■ EXERCISE OBJECTIVE
Each line of the listing that includes the string "CENTER" is to be identified and copied.

■ DATA TO EXAMINE

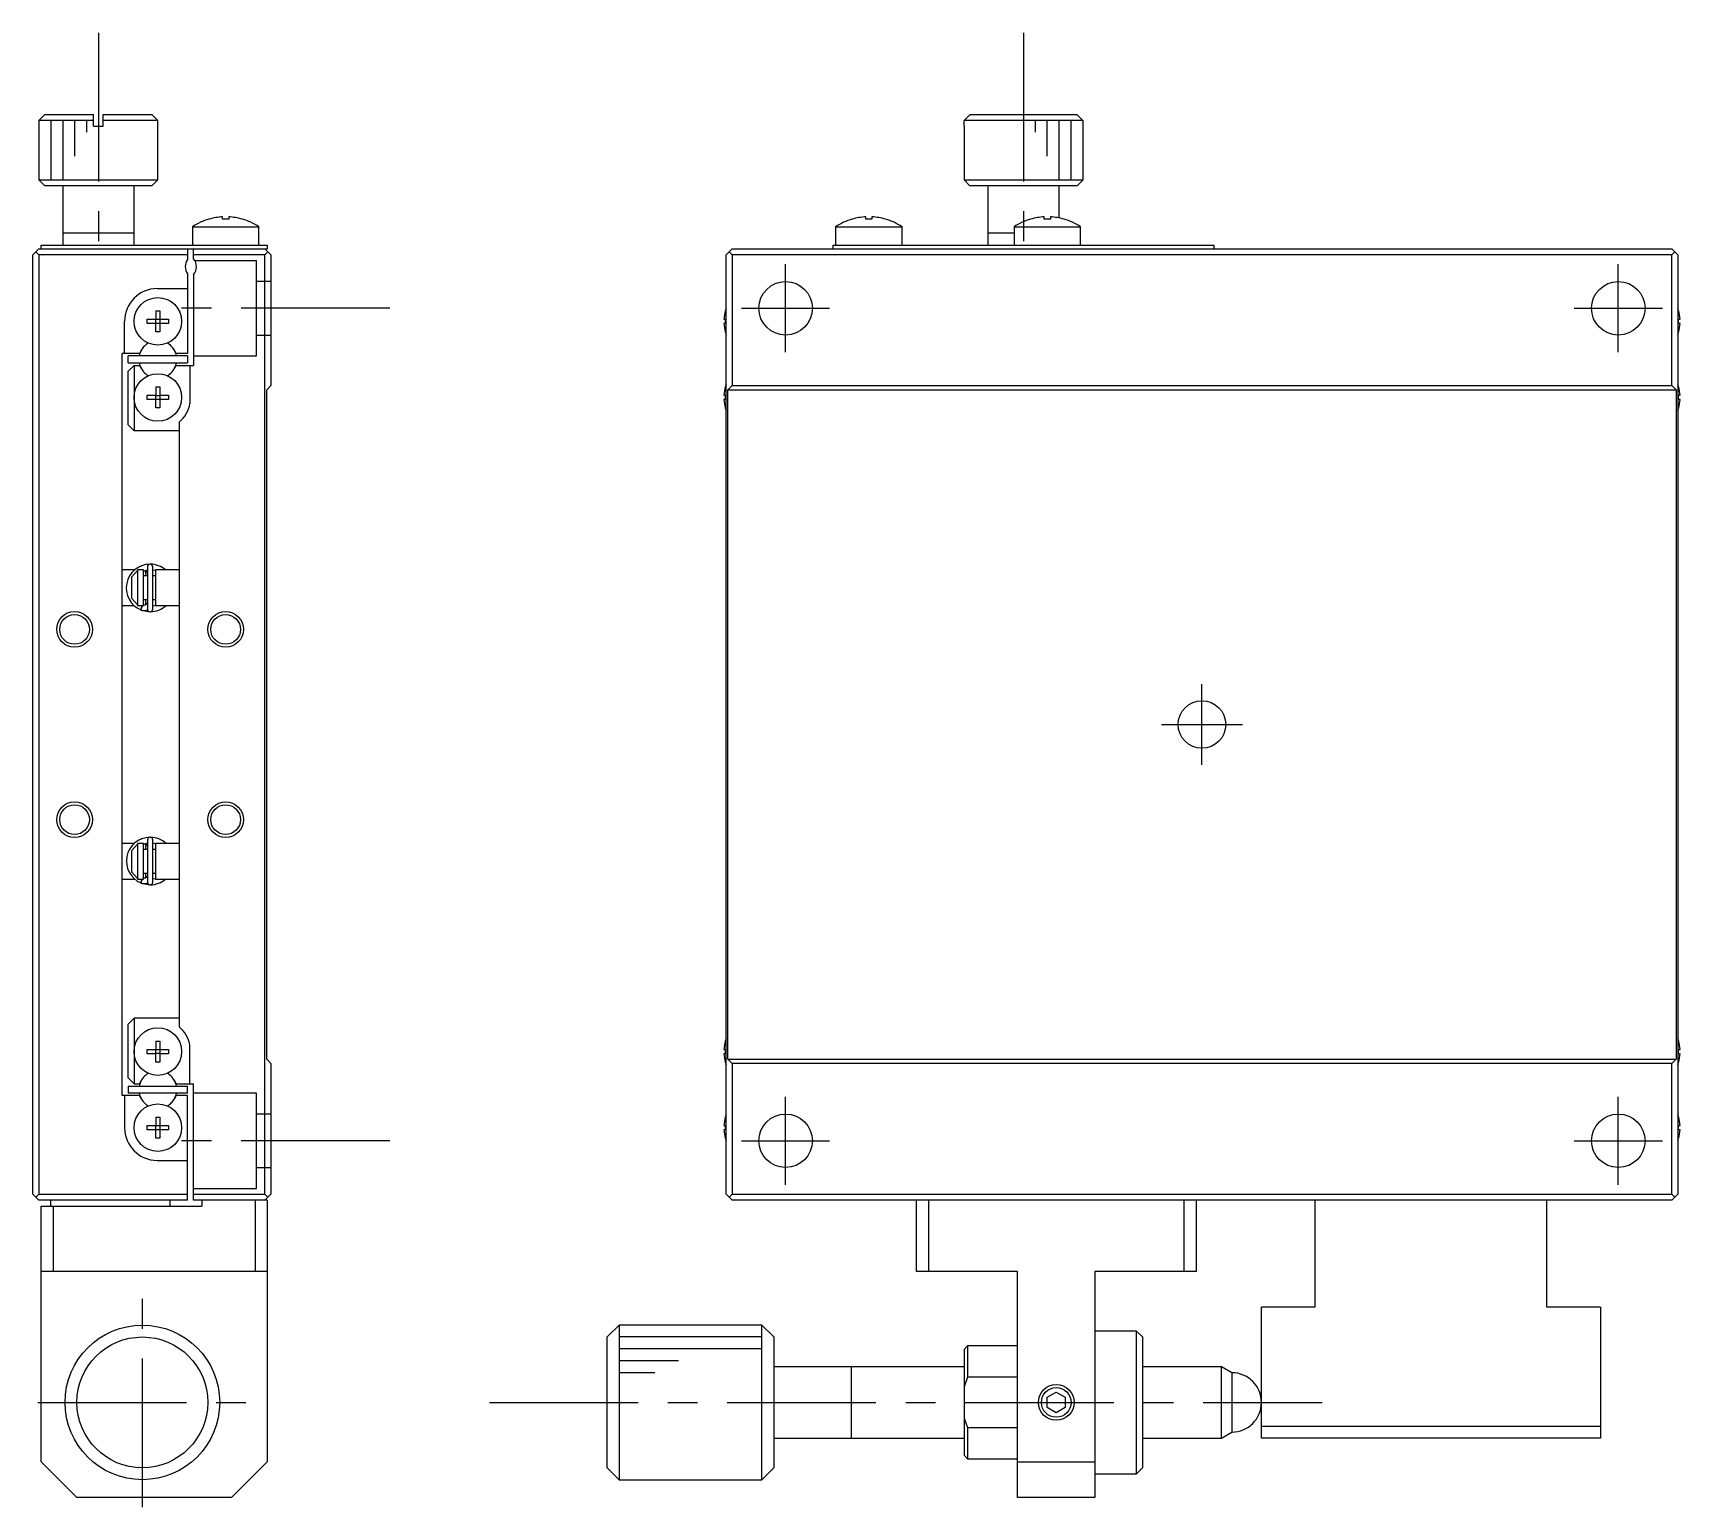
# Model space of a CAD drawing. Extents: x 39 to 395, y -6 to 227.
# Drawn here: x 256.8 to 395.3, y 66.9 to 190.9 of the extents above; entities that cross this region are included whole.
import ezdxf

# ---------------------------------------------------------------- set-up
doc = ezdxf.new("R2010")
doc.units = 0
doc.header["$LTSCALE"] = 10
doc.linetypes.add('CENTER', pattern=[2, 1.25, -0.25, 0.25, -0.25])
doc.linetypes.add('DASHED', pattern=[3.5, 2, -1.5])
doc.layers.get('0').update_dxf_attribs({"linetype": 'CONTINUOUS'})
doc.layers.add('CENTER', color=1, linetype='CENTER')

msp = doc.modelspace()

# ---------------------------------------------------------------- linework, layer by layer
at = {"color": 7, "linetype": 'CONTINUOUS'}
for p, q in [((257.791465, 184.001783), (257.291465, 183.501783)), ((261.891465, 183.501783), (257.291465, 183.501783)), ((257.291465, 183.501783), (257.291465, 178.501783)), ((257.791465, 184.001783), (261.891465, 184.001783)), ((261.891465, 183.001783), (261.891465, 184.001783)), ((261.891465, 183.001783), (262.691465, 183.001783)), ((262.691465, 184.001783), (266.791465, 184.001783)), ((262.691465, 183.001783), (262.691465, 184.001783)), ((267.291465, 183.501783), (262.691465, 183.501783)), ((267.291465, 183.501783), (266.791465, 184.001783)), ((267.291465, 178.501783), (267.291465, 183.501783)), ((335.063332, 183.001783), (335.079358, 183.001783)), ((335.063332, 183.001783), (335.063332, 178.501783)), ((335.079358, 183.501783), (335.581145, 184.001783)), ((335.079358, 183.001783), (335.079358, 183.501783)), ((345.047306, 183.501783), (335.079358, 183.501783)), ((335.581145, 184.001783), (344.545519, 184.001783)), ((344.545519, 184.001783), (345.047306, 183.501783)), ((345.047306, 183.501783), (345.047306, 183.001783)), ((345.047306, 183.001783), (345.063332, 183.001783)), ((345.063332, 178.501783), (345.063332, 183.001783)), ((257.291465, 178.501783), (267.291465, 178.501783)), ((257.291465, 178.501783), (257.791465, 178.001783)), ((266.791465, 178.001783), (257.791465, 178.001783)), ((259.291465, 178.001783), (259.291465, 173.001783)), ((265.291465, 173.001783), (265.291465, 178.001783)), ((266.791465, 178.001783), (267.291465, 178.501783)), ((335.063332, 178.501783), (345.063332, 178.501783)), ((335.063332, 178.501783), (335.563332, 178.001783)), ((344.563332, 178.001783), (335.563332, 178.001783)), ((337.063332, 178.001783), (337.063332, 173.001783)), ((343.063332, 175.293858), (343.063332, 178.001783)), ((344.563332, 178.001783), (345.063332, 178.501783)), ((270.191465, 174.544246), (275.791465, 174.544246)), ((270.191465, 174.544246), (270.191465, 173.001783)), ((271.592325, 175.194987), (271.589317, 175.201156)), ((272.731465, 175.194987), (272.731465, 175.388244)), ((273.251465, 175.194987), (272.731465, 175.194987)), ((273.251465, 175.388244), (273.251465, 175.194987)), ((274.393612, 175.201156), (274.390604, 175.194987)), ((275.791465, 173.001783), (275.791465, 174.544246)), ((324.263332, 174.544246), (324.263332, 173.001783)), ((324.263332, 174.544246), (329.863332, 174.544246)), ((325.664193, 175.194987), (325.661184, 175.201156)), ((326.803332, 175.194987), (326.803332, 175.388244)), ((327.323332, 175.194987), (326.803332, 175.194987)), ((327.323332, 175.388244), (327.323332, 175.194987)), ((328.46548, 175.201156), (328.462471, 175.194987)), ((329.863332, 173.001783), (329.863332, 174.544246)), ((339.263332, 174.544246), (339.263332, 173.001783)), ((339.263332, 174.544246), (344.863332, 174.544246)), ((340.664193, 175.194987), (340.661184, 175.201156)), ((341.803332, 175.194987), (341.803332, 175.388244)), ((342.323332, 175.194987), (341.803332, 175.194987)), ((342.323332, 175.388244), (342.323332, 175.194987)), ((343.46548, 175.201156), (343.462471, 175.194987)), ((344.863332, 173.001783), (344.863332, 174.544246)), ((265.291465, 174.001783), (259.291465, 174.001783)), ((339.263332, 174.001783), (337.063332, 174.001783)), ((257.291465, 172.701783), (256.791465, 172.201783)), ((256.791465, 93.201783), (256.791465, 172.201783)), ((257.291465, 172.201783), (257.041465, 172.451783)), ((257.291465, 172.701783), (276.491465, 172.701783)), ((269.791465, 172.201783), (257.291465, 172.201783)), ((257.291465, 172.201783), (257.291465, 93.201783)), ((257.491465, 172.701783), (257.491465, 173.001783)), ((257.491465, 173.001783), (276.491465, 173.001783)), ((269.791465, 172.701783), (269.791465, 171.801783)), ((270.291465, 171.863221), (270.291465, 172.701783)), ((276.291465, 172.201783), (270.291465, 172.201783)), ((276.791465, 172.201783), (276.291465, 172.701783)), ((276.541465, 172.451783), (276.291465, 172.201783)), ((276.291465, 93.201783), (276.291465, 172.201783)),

■ RESPONSE BOX
doc.linetypes.add('CENTER', pattern=[2, 1.25, -0.25, 0.25, -0.25])
doc.layers.add('CENTER', color=1, linetype='CENTER')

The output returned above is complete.